TASK DIRECTIONS. Return each line of the data below that contains the string "units".

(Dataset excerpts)
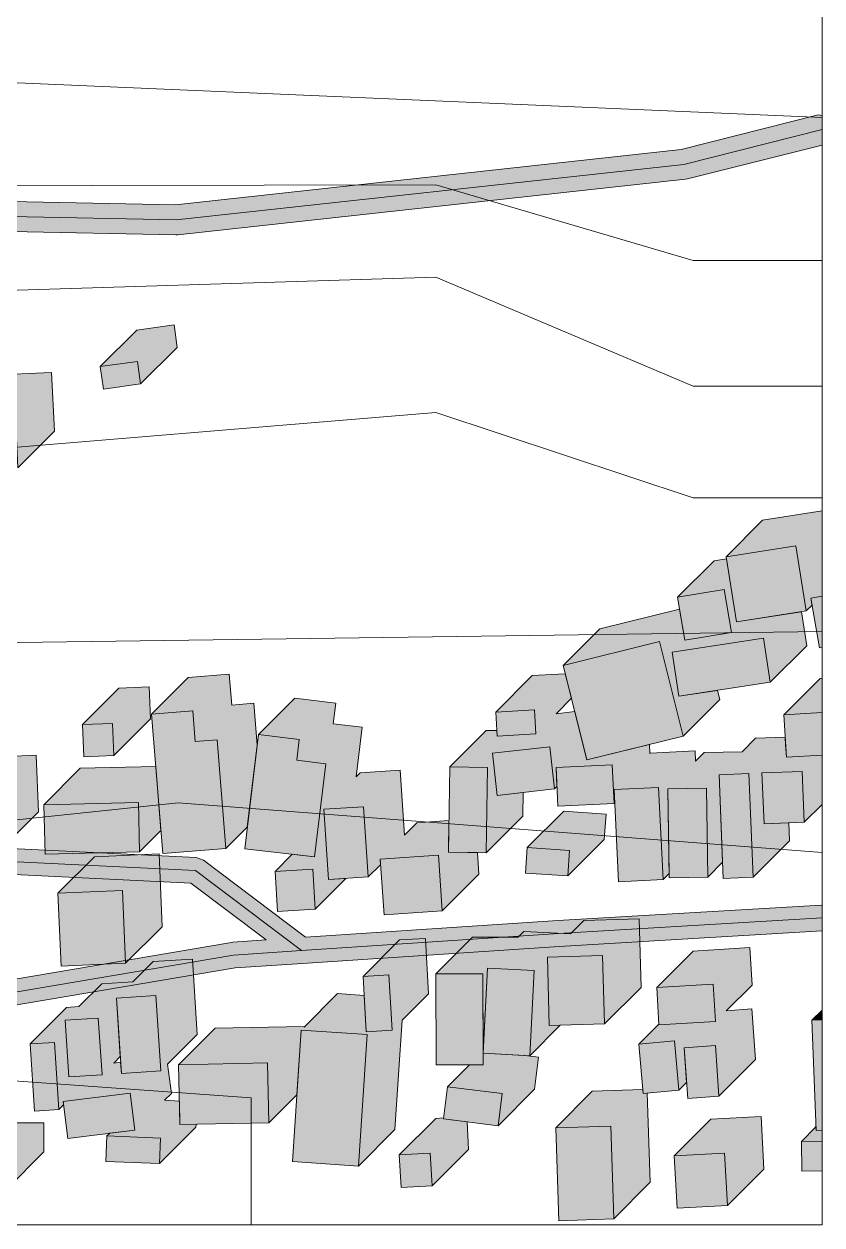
# Model space of a CAD drawing. Header units: metres. Extents: x 0 to 1017, y 0 to 414.
# Drawn here: x 924.8 to 1017.5, y 0 to 139.6 of the extents above; entities that cross this region are included whole.
import ezdxf

# ---------------------------------------------------------------- set-up
doc = ezdxf.new("R2010")
doc.units = ezdxf.units.M
doc.header["$MEASUREMENT"] = 0
for name, color, linetype, lineweight, true_color in [('TPX_BUILDINGS', 7, 'CONTINUOUS', 0, 0x000000), ('TPX_BUILDINGS_HATCH', 7, 'CONTINUOUS', 0, 0xf0f0f0), ('TPX_BUILDINGS_SHADOWS_HATCH', 7, 'CONTINUOUS', 0, 0x000000), ('TPX_BUILDINGS_SHADOWS_OUTLINES', 7, 'CONTINUOUS', 0, 0x000000), ('TPX_FRAME_PROJECT', 7, 'CONTINUOUS', 0, 0x000000), ('TPX_RELIEF_CONTOUR_LINES', 7, 'CONTINUOUS', 0, 0x969696), ('TPX_ROADS_AXES', 7, 'CONTINUOUS', 0, 0x323232), ('TPX_ROADS_CONTOURS', 7, 'CONTINUOUS', 0, 0x646464), ('TPX_ROADS_HATCH', 7, 'CONTINUOUS', 0, 0xc8c8c8)]:
    doc.layers.add(name, color=color, linetype=linetype, lineweight=lineweight, true_color=true_color)

msp = doc.modelspace()

# ---------------------------------------------------------------- hatches: boundary and pattern name
at = {"layer": 'TPX_BUILDINGS_HATCH'}
for points in [[(937.94, 100.37), (933.62, 99.78), (933.99, 97.16), (938.3, 97.76), (937.94, 100.37)], [(1014.44, 78.95), (1006.35, 77.68), (1007.54, 70.1), (1015.64, 71.37), (1014.44, 78.95)], [(1006.12, 73.88), (1000.69, 72.97), (1001.55, 67.97), (1006.96, 68.88), (1006.12, 73.88)], [(1017.49, 73.08), (1016.19, 72.86), (1017.2, 67.09), (1017.49, 67.14), (1017.49, 73.08)], [(998.62, 67.82), (987.42, 65.05), (990.17, 54.06), (1001.37, 56.83), (998.62, 67.82)], [(1010.69, 68.21), (1000.08, 66.6), (1000.87, 61.46), (1011.48, 63.08), (1010.69, 68.21)], [(944.36, 59.77), (939.59, 59.39), (940.88, 43.17), (948.23, 43.76), (947.22, 56.4), (944.65, 56.2), (944.36, 59.77)], [(984.08, 59.87), (979.58, 59.62), (979.74, 56.82), (984.24, 57.08), (984.08, 59.87)], [(1017.49, 59.59), (1013.04, 59.29), (1013.35, 54.36), (1017.49, 54.63), (1017.49, 59.59)], [(935.05, 58.31), (931.55, 58.16), (931.72, 54.42), (935.21, 54.57), (935.05, 58.31)], [(951.99, 57), (950.41, 43.74), (958.52, 42.78), (959.82, 53.61), (956.45, 54.02), (956.74, 56.43), (951.99, 57)], [(985.87, 55.58), (979.21, 54.84), (979.75, 49.94), (986.42, 50.68), (985.87, 55.58)], [(974.23, 53.25), (974.09, 43.34), (978.48, 43.27), (978.63, 53.17), (974.23, 53.25)], [(993.12, 53.48), (986.59, 53.16), (986.8, 48.68), (993.34, 49), (993.12, 53.48)], [(1008.98, 52.48), (1005.53, 52.33), (1006.02, 40.29), (1009.48, 40.43), (1008.98, 52.48)], [(1015.18, 52.73), (1010.5, 52.54), (1010.75, 46.63), (1015.43, 46.82), (1015.18, 52.73)], [(998.5, 50.87), (993.32, 50.61), (993.84, 39.89), (999.03, 40.14), (998.5, 50.87)], [(1004.05, 50.77), (999.57, 50.7), (999.73, 40.37), (1004.22, 40.44), (1004.05, 50.77)], [(938.07, 49.09), (927.06, 48.85), (927.2, 43.12), (938.19, 43.36), (938.07, 49.09)], [(964.21, 48.62), (959.6, 48.32), (960.16, 40.14), (964.77, 40.45), (964.21, 48.62)], [(983.24, 43.86), (983.04, 40.89), (987.95, 40.57), (988.15, 43.52), (983.24, 43.86)], [(972.92, 42.97), (966.16, 42.51), (966.6, 36.07), (973.37, 36.53), (972.92, 42.97)], [(958.31, 41.36), (953.93, 41.1), (954.21, 36.45), (958.59, 36.71), (958.31, 41.36)], [(936.21, 38.89), (928.7, 38.57), (929.07, 30.1), (936.57, 30.42), (936.21, 38.89)], [(992, 31.32), (985.58, 31.15), (985.8, 23.19), (992.21, 23.37), (992, 31.32)], [(978.61, 29.87), (978.1, 19.96), (983.53, 19.68), (984.05, 29.59), (978.61, 29.87)], [(967.17, 29.07), (964.17, 28.9), (964.53, 22.47), (967.53, 22.63), (967.17, 29.07)], [(978.09, 29.2), (972.63, 29.19), (972.64, 18.62), (978.11, 18.62), (978.09, 29.2)], [(1004.84, 28.01), (998.28, 27.6), (998.54, 23.26), (1005.11, 23.65), (1004.84, 28.01)], [(940.08, 26.66), (935.51, 26.36), (936.08, 17.61), (940.66, 17.9), (940.08, 26.66)], [(933.39, 24.04), (929.55, 23.79), (929.98, 17.21), (933.83, 17.46), (933.39, 24.04)], [(1017.49, 23.84), (1016.31, 23.79), (1016.81, 10.98), (1017.49, 11.01), (1017.49, 23.84)], [(956.96, 22.65), (955.94, 7.36), (963.62, 6.85), (964.64, 22.15), (956.96, 22.65)], [(928.3, 21.23), (925.47, 21.04), (925.98, 13.24), (928.81, 13.42), (928.3, 21.23)], [(1000.33, 21.39), (996.19, 21.01), (996.7, 15.29), (1000.85, 15.66), (1000.33, 21.39)], [(1005.1, 20.86), (1001.47, 20.61), (1001.88, 14.72), (1005.51, 14.98), (1005.1, 20.86)], [(953.07, 18.83), (942.73, 18.63), (942.87, 11.68), (953.2, 11.88), (953.07, 18.83)], [(973.97, 16.06), (973.5, 12.34), (979.85, 11.54), (980.32, 15.27), (973.97, 16.06)], [(937.09, 15.34), (929.3, 14.36), (929.84, 10.05), (937.64, 11.04), (937.09, 15.34)], [(992.94, 11.5), (986.54, 11.3), (986.91, 0.5), (993.3, 0.72), (992.94, 11.5)], [(934.4, 10.35), (934.27, 7.39), (940.5, 7.13), (940.62, 10.08), (934.4, 10.35)], [(1017.49, 9.75), (1015.1, 9.7), (1015.16, 6.27), (1017.49, 6.31), (1017.49, 9.75)], [(971.96, 8.35), (968.36, 8.15), (968.57, 4.34), (972.18, 4.54), (971.96, 8.35)], [(1006.16, 8.36), (1000.32, 8.04), (1000.64, 1.94), (1006.5, 2.25), (1006.16, 8.36)]]:
    msp.add_hatch(color=256, dxfattribs=at).paths.add_polyline_path(points)
at = {"layer": 'TPX_BUILDINGS_SHADOWS_HATCH'}
for points in [[(937.86, 104.02), (933.62, 99.78), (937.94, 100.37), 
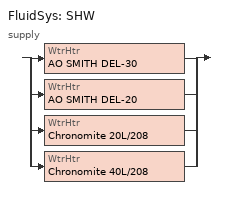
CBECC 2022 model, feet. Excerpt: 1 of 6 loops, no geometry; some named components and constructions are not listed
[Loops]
FluidSys 'SHW'
 supply: split
  | WtrHtr 'AO SMITH DEL-30'
  | WtrHtr 'AO SMITH DEL-20'
  | WtrHtr 'Chronomite 20L/208'
  | WtrHtr 'Chronomite 40L/208'
[ResIntWall]
Name | Area | Construction | IsPartySurface | Outside
IntWall : B4_L05 4 | 41.8022 | Interior Wall Cons | 1 | Storage 06_L05
IntWall : B4_L05 5 | 41.5441 | Interior Wall Cons | 1 | Storage 06_L05
IntWall : B4_L05 6 | 233.925 | Interior Wall Cons | 1 | C1.2_L05
IntWall : B4_L05 7 | 34.3091 | Interior Wall Cons | 1 | Corridor_L05
IntWall : B4_L05 8 | 276.306 | Interior Wall Cons | 1 | Corridor_L05
IntWall : B4_L05 9 | 19.7399 | Interior Wall Cons | 1 | Storage 05_L05
IntWall : B4_L05 10 | 33.6938 | Interior Wall Cons | 1 | Storage 05_L05
IntWall : B4_L05 11 | 40.8329 | Interior Wall Cons | 1 | Storage 05_L05
IntWall : B4_L05 12 | 42.0139 | Interior Wall Cons | 1 | Storage 05_L05
IntWall : C1_L05 | 326.491 | Interior Wall Cons | 1 | C1.1_L05
IntWall : C1_L05 2 | 97.0752 | Interior Wall Cons | 1 | Corridor_L05
IntWall : C1_L05 3 | 50.41 | Interior Wall Cons | 1 | Corridor_L05
IntWall : C1_L05 4 | 18.8566 | Interior Wall Cons | 1 | Corridor_L05
IntWall : C1.1_L05 | 172.588 | Interior Wall Cons | 1 | C1.2_L05
IntWall : C1.1_L05 2 | 87.0779 | Interior Wall Cons | 1 | Corridor_L05
IntWall : C1.1_L05 3 | 311.932 | Interior Wall Cons | 1 | Stair 6_L05
IntWall : C1.1_L05 4 | 72.3234 | Interior Wall Cons | 1 | Corridor_L05
IntWall : C1.2_L05 | 55.0746 | Interior Wall Cons | 1 | Corridor_L05
IntWall : C1.2_L05 2 | 94.8819 | Interior Wall Cons | 1 | Corridor_L05
IntWall : C1.2_L05 3 | 136.73 | Interior Wall Cons | 1 | Corridor_L05
IntWall : C1.3_L05 | 52.9772 | Interior Wall Cons | 1 | Corridor_L05
IntWall : Corridor_L05 | 1878.22 | Interior Wall Cons | 1 | Parking Lot_L05
IntWall : Corridor_L05 2 | 152.848 | Interior Wall Cons | 1 | Stair 5_L05
IntWall : Corridor_L05 3; IntWall : Corridor_L05 4 | 169.471 | Interior Wall Cons | 1 | Storage 02_L05
IntWall : Corridor_L05 5; IntWall : Corridor_L05 6 | 169.471 | Interior Wall Cons | 1 | Storage 03_L05
IntWall : Corridor_L05 7 | 66.597 | Interior Wall Cons | 1 | Parking Lot_L05
IntWall : Corridor_L05 8 | 269.835 | Interior Wall Cons | 1 | Parking Lot_L05
IntWall : Corridor_L05 9 | 97.727 | Interior Wall Cons | 1 | Parking_Elev 02_L05
IntWall : Corridor_L05 10 | 103.976 | Interior Wall Cons | 1 | Parking_Trash 01_L05
IntWall : Corridor_L05 11 | 104.042 | Interior Wall Cons | 1 | Stair 6_L05
IntWall : Corridor_L05 12 | 173.464 | Interior Wall Cons | 1 | Storage 01_L05
IntWall : Corridor_L05 13 | 172.012 | Interior Wall Cons | 1 | Storage 01_L05
IntWall : Corridor_L05 14 | 60.5728 | Interior Wall Cons | 1 | Storage 05_L05
IntWall : Corridor_L05 15 | 75.7077 | Interior Wall Cons | 1 | Storage 05_L05
IntWall : Corridor_L05 16 | 76.2899 | Interior Wall Cons | 1 | Storage 06_L05
IntWall : Corridor_L05 17 | 111.608 | Interior Wall Cons | 1 | IDF_L05
IntWall : Corridor_L05 18 | 111.605 | Interior Wall Cons | 1 | IDF_L05
IntWall : Corridor_L05 19 | 76.3784 | Interior Wall Cons | 1 | IDF_L05
IntWall : Corridor_L05 20 | 875.258 | Interior Wall Cons | 1 | Parking Lot_L05
IntWall : Corridor_L05 21 | 270.44 | Interior Wall Cons | 1 | Parking Lot_L05
IntWall : Corridor_L05 22 | 92.1924 | Interior Wall Cons | 1 | Parking_Elev 01_L05
IntWall : Corridor_L05 23 | 109.656 | Interior Wall Cons | 1 | Parking_Elev 03_L05
IntWall : Corridor_L05 24 | 90.7732 | Interior Wall Cons | 1 | Parking_Elev 03_L05
IntWall : Corridor_L05 25 | 169.882 | Interior Wall Cons | 1 | Parking_Stair 01_L05
IntWall : Corridor_L05 26 | 277.834 | Interior Wall Cons | 1 | Parking_Stair 01_L05
IntWall : Corridor_L05 27 | 115.895 | Interior Wall Cons | 1 | Parking_Vestibule 1_L05
IntWall : Corridor_L05 28 | 18.3571 | Interior Wall Cons | 1 | Stair 3_L05
IntWall : Corridor_L05 29 | 108.717 | Interior Wall Cons | 1 | Stair 4_L05
IntWall : Corridor_L05 30 | 36.0062 | Interior Wall Cons | 1 | Stair 4_L05
IntWall : ELEV 4_L05 | 89.4036 | Interior Wall Cons | 1 | Storage 04_L05
IntWall : Parking Lot_L05 | 100.585 | Interior Concrete Wall | 1 | Parking_Elev 01_L05
IntWall : Parking Lot_L05 2 | 92.1924 | Interior Concrete Wall | 1 | Parking_Elev 01_L05
IntWall : Parking Lot_L05 3 | 97.727 | Interior Concrete Wall | 1 | Parking_Elev 02_L05
IntWall : Parking Lot_L05 4; IntWall : Parking_Elec. 01_L05 | 106.583 | Interior Concrete Wall | 1 | Parking_Elev 02_L05
IntWall : Parking Lot_L05 5 | 289.016 | Interior Concrete Wall | 1 | Parking_Passageway_L05
IntWall : Parking Lot_L05 6 | 148.719 | Interior Concrete Wall | 1 | Parking_Passageway_L05
IntWall : Parking Lot_L05 7 | 169.882 | Interior Concrete Wall | 1 | Parking_Stair 01_L05
IntWall : Parking Lot_L05 8 | 177.249 | Interior Concrete Wall | 1 | Parking_Stair 01_L05
IntWall : Parking Lot_L05 9 | 101.76 | Interior Concrete Wall | 1 | Parking_Stair 02_L05
IntWall : Parking Lot_L05 10 | 216.649 | Interior Concrete Wall | 1 | Parking_Stair 02_L05
IntWall : Parking Lot_L05 11; IntWall : Parking Lot_L05 13 | 224.324 | Interior Concrete Wall | 1 | Parking_Trash 01_L05
IntWall : Parking Lot_L05 12 | 103.976 | Interior Concrete Wall | 1 | Parking_Trash 01_L05
IntWall : Parking Lot_L05 14 | 100.85 | Interior Concrete Wall | 1 | Parking_Trash 02_L05
IntWall : Parking Lot_L05 15 | 206.669 | Interior Concrete Wall | 1 | Parking_Trash 02_L05
IntWall : Parking Lot_L05 16 | 171.751 | Interior Concrete Wall | 1 | Parking_Vestibule 1_L05
ResidentialInteriorWall 1381 | 20000 | Interior Concrete Wall |  | Parking Lot_L05
IntWall : Parking_Elec. 01_L05 2 | 61.5421 | Interior Concrete Wall | 1 | Parking_Stair 02_L05
IntWall : Parking_Elec. 01_L05 3 | 61.5421 | Interior Concrete Wall | 1 | Storage 06_L05
IntWall : Parking_Elec. 02_L05 | 90.7732 | Interior Concrete Wall | 1 | Parking_Elev 03_L05
IntWall : Parking_Elec. 02_L05 2 | 90.7732 | Interior Concrete Wall | 1 | Parking_Trash 02_L05
IntWall : Parking_Elec. 02_L05 3 | 62.0945 | Interior Concrete Wall | 1 | Parking_Vestibule 1_L05
IntWall : Parking_Elev 01_L05 | 100.585 | Interior Concrete Wall | 1 | Parking_Stair 01_L05
IntWall : Parking_Elev 03_L05 | 109.656 | Interior Concrete Wall | 1 | Parking_Vestibule 1_L05
IntWall : Parking_Passageway_L05 | 108.713 | Interior Concrete Wall | 1 | Stair 1_L05
IntWall : Parking_Trash 02_L05 | 115.895 | Interior Concrete Wall | 1 | Parking_Vestibule 1_L05
[DwellUnit]
Name | DwellUnitTypeRef | Count
DwellingUnit 88 | Unit B4 | 2
DwellingUnit 89 | Unit C1
DwellingUnit 90 | Unit C1.1 | 2
DwellingUnit 91 | Unit C1.2
DwellingUnit 92 | Unit C1.3
[ResZn] CeilingHeight=10.0833; FloorHeight=10.0833; Bottom=42.3333
C1_L05; C1.1_L05; C1.2_L05; C1.3_L05
[ResExtWall]
Name | Orientation | Area | Construction
ExtWall (Front 1) : C1_L05 | Front | 36.8895 | Ext Wall Cons
ExtWall (Back 1) : C1_L05 | Back | 305.458 | Ext Wall Cons
ExtWall (Back 2) : C1_L05 | Back | 55.6998 | Ext Wall Cons
ExtWall (Right 1) : C1_L05 | Right | 190.783 | Ext Wall Cons
ExtWall (Right 2) : C1_L05 | Right | 251.64 | Ext Wall Cons
ExtWall (Front 1) : C1.1_L05 | Front | 42.0734 | Ext Wall Cons
ExtWall (Front 2) : C1.1_L05 | Front | 37.9911 | Ext Wall Cons
ExtWall (Left 1) : C1.1_L05 | Left | 54.3534 | Ext Wall Cons
ExtWall (Left 2) : C1.1_L05 | Left | 307.469 | Ext Wall Cons
ExtWall (Left 3) : C1.1_L05 | Left | 308.531 | Ext Wall Cons
ExtWall (Left 4) : C1.1_L05 | Left | 55.8255 | Ext Wall Cons
ExtWall (Back 1) : C1.1_L05 | Back | 248.186 | Ext Wall Cons
ExtWall (Back 2) : C1.1_L05 | Back | 192.897 | Ext Wall Cons
ExtWall (Back 3) : C1.1_L05 | Back | 191.448 | Ext Wall Cons
ExtWall (Back 4) : C1.1_L05 | Back | 249.126 | Ext Wall Cons
ExtWall (Right 1) : C1.1_L05 | Right | 189.235 | Ext Wall Cons
ExtWall (Right 2) : C1.1_L05 | Right | 75.271 | Ext Wall Cons
ExtWall (Front 1) : C1.2_L05 | Front | 49.7418 | Ext Wall Cons
ExtWall (Front 2) : C1.2_L05 | Front | 65.3366 | Ext Wall Cons
ExtWall (Back 1) : C1.2_L05 | Back | 49.7418 | Ext Wall Cons
ExtWall (Back 2) : C1.2_L05 | Back | 144.409 | Ext Wall Cons
ExtWall (Back 3) : C1.2_L05 | Back | 249.735 | Ext Wall Cons
ExtWall (Right 1) : C1.2_L05 | Right | 119.67 | Ext Wall Cons
ExtWall (Right 2) : C1.2_L05 | Right | 76.9086 | Ext Wall Cons
ExtWall (Right 3) : C1.2_L05 | Right | 114.509 | Ext Wall Cons
ExtWall (Right 4) : C1.2_L05 | Right | 53.3047 | Ext Wall Cons
ExtWall (Front 1) : C1.3_L05 | Front | 59.706 | Ext Wall Cons
ExtWall (Left 1) : C1.3_L05 | Left | 30.432 | Ext Wall Cons
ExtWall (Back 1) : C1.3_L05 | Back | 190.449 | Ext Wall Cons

EXERCISE SOLUTION.
# Model space of a CAD drawing. Header units: metres. Extents: x 0 to 1017, y 0 to 414.
doc.units = ezdxf.units.M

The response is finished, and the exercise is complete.